WHAT NEEDS TO BE DONE
Output nothing but the lines from the beginning of the listing below through the line containing "#6=PRODUCT_DEFINITION_FORMATION('','',#4);", exactly as they stand, without pictures.

MATERIAL FOR THIS TASK
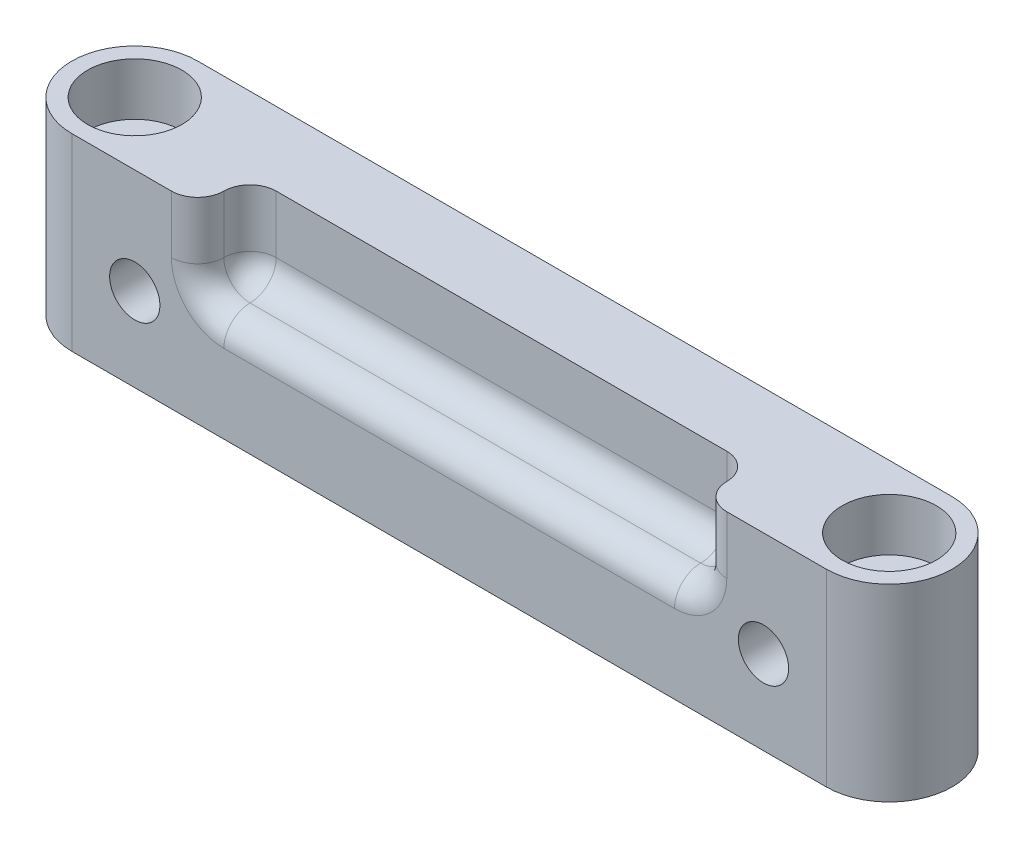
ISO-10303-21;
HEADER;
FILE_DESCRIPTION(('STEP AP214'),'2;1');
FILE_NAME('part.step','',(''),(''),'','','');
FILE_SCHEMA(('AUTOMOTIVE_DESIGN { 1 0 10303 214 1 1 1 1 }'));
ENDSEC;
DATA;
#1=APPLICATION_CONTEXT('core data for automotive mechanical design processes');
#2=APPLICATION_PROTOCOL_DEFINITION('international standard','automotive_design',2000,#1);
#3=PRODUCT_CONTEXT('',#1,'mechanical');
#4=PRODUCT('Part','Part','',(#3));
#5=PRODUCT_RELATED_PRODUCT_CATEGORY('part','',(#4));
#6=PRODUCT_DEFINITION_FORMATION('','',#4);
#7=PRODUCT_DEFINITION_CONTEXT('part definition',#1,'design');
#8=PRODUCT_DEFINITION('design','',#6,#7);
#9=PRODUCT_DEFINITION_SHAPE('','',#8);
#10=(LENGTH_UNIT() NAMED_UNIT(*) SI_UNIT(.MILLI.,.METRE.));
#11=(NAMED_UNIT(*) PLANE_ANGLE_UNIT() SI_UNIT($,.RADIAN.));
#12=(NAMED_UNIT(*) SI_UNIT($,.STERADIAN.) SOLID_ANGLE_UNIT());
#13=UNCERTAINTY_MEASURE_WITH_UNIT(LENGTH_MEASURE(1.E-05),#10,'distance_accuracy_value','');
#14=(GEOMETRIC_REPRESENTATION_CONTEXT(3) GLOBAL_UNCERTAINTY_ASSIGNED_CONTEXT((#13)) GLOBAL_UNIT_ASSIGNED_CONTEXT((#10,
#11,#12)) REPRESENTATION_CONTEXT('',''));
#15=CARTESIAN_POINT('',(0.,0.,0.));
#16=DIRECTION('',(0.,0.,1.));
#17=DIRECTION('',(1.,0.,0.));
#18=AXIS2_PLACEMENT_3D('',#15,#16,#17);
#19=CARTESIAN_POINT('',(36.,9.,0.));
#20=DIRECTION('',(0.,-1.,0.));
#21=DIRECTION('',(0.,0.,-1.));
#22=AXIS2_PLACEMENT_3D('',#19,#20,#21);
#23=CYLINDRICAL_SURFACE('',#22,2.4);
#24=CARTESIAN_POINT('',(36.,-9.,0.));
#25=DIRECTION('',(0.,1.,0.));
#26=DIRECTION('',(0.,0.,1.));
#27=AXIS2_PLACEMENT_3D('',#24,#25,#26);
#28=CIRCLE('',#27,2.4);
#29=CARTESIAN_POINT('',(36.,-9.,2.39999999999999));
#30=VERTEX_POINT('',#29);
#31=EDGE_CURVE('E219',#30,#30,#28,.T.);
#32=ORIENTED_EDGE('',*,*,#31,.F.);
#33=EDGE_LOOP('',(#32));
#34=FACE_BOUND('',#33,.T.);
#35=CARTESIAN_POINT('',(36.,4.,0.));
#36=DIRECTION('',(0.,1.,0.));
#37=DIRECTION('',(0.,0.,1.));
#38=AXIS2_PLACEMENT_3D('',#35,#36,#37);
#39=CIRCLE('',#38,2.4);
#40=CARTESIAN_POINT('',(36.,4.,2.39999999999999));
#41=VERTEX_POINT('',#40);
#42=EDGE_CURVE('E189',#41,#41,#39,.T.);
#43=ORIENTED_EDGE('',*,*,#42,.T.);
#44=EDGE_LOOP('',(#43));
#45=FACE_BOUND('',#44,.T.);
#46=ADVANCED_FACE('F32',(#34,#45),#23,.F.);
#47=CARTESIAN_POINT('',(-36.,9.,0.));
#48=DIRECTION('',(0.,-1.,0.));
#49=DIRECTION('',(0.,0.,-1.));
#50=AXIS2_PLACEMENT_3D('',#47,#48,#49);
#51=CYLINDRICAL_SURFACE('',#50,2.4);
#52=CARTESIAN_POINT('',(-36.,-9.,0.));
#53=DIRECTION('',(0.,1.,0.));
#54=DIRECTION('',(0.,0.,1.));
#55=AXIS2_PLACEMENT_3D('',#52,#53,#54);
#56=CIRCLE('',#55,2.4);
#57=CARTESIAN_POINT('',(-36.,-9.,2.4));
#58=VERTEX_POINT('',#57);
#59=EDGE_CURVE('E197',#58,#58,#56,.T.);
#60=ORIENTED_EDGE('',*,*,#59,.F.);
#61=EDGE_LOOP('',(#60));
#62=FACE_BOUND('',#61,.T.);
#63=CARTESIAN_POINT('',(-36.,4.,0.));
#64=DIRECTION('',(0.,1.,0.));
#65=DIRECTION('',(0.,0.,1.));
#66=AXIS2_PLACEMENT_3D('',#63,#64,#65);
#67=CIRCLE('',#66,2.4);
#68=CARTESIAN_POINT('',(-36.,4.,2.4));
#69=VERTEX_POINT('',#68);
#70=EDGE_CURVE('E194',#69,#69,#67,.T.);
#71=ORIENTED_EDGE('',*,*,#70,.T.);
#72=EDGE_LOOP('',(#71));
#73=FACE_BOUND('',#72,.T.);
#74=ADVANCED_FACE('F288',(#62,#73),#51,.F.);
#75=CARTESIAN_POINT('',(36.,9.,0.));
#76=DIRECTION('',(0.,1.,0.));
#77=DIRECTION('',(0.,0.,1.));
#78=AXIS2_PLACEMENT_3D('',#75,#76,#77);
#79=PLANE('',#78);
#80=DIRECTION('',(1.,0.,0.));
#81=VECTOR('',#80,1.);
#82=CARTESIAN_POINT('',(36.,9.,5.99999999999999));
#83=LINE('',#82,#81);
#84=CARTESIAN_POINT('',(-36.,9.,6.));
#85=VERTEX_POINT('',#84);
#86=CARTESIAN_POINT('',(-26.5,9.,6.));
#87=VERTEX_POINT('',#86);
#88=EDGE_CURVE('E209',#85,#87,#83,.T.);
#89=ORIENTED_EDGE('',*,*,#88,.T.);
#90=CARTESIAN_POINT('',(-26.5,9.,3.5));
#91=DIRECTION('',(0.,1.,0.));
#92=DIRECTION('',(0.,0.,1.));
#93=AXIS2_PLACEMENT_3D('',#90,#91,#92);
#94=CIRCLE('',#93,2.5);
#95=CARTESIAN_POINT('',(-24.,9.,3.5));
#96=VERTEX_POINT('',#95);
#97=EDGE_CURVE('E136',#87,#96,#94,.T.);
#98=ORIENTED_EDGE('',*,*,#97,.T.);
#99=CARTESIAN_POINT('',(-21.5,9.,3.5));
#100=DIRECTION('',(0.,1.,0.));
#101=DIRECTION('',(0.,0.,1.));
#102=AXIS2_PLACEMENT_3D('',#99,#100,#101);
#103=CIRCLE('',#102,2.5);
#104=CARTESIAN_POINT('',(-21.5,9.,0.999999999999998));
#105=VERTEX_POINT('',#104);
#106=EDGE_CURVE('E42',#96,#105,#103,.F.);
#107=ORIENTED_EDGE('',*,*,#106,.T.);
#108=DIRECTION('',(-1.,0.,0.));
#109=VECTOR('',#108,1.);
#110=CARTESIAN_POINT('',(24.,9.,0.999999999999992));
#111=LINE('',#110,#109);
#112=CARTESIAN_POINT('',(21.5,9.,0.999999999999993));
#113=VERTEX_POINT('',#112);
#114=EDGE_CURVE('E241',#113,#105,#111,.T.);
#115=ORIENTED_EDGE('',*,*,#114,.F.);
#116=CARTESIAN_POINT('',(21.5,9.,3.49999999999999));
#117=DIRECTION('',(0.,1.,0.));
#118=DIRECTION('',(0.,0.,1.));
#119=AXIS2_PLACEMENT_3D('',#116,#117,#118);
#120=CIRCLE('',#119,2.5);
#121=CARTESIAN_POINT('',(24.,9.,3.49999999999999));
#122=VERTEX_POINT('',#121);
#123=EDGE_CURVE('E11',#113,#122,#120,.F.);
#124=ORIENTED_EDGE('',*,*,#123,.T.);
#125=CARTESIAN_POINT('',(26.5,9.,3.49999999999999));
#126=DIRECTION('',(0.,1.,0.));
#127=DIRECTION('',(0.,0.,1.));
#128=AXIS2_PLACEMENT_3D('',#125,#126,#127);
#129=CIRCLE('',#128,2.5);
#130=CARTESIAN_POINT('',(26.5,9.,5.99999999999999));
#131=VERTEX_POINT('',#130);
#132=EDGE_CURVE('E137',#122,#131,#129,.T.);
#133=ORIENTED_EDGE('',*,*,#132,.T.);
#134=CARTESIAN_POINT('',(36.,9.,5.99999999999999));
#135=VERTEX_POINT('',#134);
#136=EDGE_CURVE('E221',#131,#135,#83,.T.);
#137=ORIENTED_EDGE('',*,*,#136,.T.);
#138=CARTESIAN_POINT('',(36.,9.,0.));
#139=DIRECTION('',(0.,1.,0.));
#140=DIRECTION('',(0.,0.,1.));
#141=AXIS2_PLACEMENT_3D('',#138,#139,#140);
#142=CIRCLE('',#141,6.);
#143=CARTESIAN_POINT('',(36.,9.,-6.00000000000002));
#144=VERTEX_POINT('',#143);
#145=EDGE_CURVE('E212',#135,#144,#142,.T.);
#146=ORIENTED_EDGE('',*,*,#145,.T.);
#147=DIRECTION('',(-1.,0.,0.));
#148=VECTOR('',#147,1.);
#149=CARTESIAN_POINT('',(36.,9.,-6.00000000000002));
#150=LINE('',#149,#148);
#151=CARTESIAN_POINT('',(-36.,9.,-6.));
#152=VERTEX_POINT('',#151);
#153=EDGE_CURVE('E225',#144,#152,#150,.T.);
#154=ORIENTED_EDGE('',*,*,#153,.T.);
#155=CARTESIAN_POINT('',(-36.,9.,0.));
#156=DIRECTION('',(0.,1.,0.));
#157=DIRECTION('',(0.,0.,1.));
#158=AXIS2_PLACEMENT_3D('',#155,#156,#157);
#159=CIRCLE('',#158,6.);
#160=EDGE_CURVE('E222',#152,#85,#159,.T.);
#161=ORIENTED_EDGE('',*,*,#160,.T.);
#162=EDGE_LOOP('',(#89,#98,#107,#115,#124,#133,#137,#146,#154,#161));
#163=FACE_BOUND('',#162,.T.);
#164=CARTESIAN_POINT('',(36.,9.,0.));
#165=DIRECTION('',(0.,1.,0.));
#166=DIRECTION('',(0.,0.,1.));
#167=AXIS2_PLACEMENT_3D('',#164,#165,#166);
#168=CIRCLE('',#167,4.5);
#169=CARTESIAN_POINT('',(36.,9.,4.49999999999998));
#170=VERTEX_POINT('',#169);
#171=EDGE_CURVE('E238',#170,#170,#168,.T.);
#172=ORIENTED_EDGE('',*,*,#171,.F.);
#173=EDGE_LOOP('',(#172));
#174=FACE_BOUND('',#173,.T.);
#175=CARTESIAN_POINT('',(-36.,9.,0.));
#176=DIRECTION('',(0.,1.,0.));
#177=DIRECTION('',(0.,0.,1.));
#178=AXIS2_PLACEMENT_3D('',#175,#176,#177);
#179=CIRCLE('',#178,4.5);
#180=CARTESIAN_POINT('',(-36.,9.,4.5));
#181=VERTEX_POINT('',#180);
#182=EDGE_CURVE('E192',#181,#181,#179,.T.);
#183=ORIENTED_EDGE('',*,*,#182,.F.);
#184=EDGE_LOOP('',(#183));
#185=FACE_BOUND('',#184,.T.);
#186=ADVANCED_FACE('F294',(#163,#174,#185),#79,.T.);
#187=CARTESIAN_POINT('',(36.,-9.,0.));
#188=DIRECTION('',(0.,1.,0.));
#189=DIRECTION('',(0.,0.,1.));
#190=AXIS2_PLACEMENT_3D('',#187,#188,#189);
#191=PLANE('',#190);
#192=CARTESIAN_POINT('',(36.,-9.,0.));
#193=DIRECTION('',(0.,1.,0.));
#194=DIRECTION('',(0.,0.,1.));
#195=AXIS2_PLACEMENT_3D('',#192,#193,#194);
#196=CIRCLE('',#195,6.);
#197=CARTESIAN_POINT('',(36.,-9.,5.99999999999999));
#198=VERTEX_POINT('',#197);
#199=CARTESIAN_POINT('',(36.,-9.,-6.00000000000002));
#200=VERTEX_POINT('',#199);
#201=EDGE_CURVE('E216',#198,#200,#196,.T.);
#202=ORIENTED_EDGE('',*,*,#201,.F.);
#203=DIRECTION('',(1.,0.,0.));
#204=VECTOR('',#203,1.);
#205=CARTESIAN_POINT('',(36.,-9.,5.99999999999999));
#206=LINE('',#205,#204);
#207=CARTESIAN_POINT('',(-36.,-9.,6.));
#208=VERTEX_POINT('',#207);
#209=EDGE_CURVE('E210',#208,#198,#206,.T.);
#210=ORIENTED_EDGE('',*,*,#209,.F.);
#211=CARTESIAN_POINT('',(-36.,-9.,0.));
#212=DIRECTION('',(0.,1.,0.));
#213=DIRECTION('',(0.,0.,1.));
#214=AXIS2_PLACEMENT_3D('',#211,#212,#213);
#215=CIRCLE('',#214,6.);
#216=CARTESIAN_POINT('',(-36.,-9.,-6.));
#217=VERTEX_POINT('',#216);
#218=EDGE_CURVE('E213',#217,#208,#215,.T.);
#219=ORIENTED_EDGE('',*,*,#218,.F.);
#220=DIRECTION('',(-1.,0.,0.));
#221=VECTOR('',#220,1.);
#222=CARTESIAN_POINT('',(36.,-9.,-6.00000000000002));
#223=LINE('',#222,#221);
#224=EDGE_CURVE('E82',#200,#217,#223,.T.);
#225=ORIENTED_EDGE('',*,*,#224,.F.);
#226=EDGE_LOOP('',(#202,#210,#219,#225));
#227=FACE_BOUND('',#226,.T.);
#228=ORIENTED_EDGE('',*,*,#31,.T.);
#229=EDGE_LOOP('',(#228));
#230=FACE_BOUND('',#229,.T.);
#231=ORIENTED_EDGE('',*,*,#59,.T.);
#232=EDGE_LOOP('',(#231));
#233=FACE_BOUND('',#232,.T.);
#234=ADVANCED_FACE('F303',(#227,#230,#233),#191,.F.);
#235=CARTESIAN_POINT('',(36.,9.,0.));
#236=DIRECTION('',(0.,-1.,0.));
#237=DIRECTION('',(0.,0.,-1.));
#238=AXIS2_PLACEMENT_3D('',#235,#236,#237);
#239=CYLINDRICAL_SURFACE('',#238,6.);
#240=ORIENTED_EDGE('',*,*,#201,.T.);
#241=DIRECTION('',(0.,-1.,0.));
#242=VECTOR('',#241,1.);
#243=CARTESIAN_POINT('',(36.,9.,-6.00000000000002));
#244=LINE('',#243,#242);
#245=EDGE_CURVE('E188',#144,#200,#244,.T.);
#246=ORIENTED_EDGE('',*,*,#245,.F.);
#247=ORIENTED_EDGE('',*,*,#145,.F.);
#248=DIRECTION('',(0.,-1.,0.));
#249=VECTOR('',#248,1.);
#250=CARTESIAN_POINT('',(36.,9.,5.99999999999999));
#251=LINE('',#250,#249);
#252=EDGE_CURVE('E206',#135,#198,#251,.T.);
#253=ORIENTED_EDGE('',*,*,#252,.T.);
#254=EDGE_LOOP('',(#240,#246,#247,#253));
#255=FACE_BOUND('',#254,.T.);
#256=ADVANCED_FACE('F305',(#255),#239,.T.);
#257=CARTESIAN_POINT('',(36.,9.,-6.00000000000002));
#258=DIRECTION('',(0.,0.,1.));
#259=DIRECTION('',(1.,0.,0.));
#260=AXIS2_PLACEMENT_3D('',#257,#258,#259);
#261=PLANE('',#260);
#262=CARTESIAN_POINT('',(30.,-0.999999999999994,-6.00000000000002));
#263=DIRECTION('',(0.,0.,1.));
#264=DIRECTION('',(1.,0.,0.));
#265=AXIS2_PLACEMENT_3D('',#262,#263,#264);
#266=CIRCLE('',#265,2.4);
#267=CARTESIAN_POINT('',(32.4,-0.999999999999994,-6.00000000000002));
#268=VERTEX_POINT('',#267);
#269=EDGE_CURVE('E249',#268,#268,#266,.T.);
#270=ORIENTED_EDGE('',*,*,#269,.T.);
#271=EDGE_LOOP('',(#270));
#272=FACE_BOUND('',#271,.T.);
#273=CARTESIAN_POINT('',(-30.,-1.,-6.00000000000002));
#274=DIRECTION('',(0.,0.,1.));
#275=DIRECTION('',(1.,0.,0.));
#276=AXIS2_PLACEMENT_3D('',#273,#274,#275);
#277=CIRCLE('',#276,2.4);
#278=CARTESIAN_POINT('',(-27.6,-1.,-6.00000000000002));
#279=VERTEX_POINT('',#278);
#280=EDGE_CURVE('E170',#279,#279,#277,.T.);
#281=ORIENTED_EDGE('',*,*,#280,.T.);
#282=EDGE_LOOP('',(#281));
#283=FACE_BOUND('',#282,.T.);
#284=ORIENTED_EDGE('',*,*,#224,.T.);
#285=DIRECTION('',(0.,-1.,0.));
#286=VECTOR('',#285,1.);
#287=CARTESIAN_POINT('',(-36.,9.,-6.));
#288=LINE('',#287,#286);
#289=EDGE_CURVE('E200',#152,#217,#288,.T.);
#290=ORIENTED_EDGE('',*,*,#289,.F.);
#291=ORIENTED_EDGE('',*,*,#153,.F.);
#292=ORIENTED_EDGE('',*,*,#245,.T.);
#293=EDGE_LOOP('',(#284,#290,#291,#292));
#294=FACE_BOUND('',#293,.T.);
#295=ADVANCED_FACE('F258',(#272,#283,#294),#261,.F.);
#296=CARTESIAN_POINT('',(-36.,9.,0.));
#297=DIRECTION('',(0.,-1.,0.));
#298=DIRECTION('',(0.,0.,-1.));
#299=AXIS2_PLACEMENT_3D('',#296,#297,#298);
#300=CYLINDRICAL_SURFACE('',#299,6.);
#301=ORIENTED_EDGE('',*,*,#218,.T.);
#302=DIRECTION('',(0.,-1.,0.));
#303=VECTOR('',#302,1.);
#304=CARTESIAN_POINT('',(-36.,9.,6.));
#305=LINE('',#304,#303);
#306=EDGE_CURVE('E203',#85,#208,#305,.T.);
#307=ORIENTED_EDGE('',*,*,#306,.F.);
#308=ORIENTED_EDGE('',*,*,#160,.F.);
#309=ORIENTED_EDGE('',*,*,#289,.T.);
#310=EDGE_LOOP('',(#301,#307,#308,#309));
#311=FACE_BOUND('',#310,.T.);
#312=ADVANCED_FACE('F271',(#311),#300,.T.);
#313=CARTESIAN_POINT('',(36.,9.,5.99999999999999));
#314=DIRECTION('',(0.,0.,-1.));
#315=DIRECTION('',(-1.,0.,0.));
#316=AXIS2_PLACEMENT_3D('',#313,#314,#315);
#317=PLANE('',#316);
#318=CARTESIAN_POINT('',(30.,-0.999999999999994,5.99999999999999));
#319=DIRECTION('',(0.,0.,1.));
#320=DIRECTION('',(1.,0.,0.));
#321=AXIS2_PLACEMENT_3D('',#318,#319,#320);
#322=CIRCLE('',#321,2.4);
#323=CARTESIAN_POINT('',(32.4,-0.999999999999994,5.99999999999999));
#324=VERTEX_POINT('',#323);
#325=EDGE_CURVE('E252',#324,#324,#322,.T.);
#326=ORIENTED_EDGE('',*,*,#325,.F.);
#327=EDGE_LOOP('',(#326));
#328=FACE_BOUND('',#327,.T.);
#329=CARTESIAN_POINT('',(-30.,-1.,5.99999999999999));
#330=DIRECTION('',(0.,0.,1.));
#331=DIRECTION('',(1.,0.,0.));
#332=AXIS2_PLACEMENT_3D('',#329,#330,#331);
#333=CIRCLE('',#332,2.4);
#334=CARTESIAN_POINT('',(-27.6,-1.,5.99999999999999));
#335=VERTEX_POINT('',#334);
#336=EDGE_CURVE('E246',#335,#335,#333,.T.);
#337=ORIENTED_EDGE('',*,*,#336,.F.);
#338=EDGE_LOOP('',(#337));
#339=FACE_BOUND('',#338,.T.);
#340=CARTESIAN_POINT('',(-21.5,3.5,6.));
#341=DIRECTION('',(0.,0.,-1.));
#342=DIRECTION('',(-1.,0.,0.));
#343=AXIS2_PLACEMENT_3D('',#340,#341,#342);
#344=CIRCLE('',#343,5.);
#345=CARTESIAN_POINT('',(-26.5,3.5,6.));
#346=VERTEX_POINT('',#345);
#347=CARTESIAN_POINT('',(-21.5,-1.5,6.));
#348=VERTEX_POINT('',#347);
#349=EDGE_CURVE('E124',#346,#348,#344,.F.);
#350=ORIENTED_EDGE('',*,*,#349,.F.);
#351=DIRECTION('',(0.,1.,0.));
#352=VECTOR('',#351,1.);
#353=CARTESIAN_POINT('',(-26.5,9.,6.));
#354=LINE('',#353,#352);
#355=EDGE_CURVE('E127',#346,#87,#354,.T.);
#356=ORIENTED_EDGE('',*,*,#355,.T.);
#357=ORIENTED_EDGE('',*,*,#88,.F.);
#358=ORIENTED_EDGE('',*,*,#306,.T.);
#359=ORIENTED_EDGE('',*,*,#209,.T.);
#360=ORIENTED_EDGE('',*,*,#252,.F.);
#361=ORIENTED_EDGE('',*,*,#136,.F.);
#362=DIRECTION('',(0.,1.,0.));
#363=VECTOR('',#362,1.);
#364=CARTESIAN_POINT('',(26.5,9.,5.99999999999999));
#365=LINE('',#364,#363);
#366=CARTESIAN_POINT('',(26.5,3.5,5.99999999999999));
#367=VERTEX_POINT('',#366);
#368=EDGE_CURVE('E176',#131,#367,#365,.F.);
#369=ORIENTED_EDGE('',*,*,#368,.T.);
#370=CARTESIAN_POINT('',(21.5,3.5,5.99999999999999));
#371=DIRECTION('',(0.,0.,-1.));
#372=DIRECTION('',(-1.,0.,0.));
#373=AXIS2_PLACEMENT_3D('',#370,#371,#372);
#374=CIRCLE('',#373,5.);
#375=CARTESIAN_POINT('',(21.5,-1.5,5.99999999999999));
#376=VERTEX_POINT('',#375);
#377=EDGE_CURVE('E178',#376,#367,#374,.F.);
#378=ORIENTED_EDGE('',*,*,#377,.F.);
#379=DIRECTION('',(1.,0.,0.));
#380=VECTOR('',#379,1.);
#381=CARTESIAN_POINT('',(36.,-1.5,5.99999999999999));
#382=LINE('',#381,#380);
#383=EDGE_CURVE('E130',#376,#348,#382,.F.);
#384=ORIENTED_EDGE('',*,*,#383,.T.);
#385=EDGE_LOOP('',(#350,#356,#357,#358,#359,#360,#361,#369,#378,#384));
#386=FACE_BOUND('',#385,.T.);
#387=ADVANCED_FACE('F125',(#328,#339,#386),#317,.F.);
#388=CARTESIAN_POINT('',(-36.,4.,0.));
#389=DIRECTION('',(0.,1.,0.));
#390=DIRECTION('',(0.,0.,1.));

YOUR SOLUTION
ISO-10303-21;
HEADER;
FILE_DESCRIPTION(('STEP AP214'),'2;1');
FILE_NAME('part.step','',(''),(''),'','','');
FILE_SCHEMA(('AUTOMOTIVE_DESIGN { 1 0 10303 214 1 1 1 1 }'));
ENDSEC;
DATA;
#1=APPLICATION_CONTEXT('core data for automotive mechanical design processes');
#2=APPLICATION_PROTOCOL_DEFINITION('international standard','automotive_design',2000,#1);
#3=PRODUCT_CONTEXT('',#1,'mechanical');
#4=PRODUCT('Part','Part','',(#3));
#5=PRODUCT_RELATED_PRODUCT_CATEGORY('part','',(#4));
#6=PRODUCT_DEFINITION_FORMATION('','',#4);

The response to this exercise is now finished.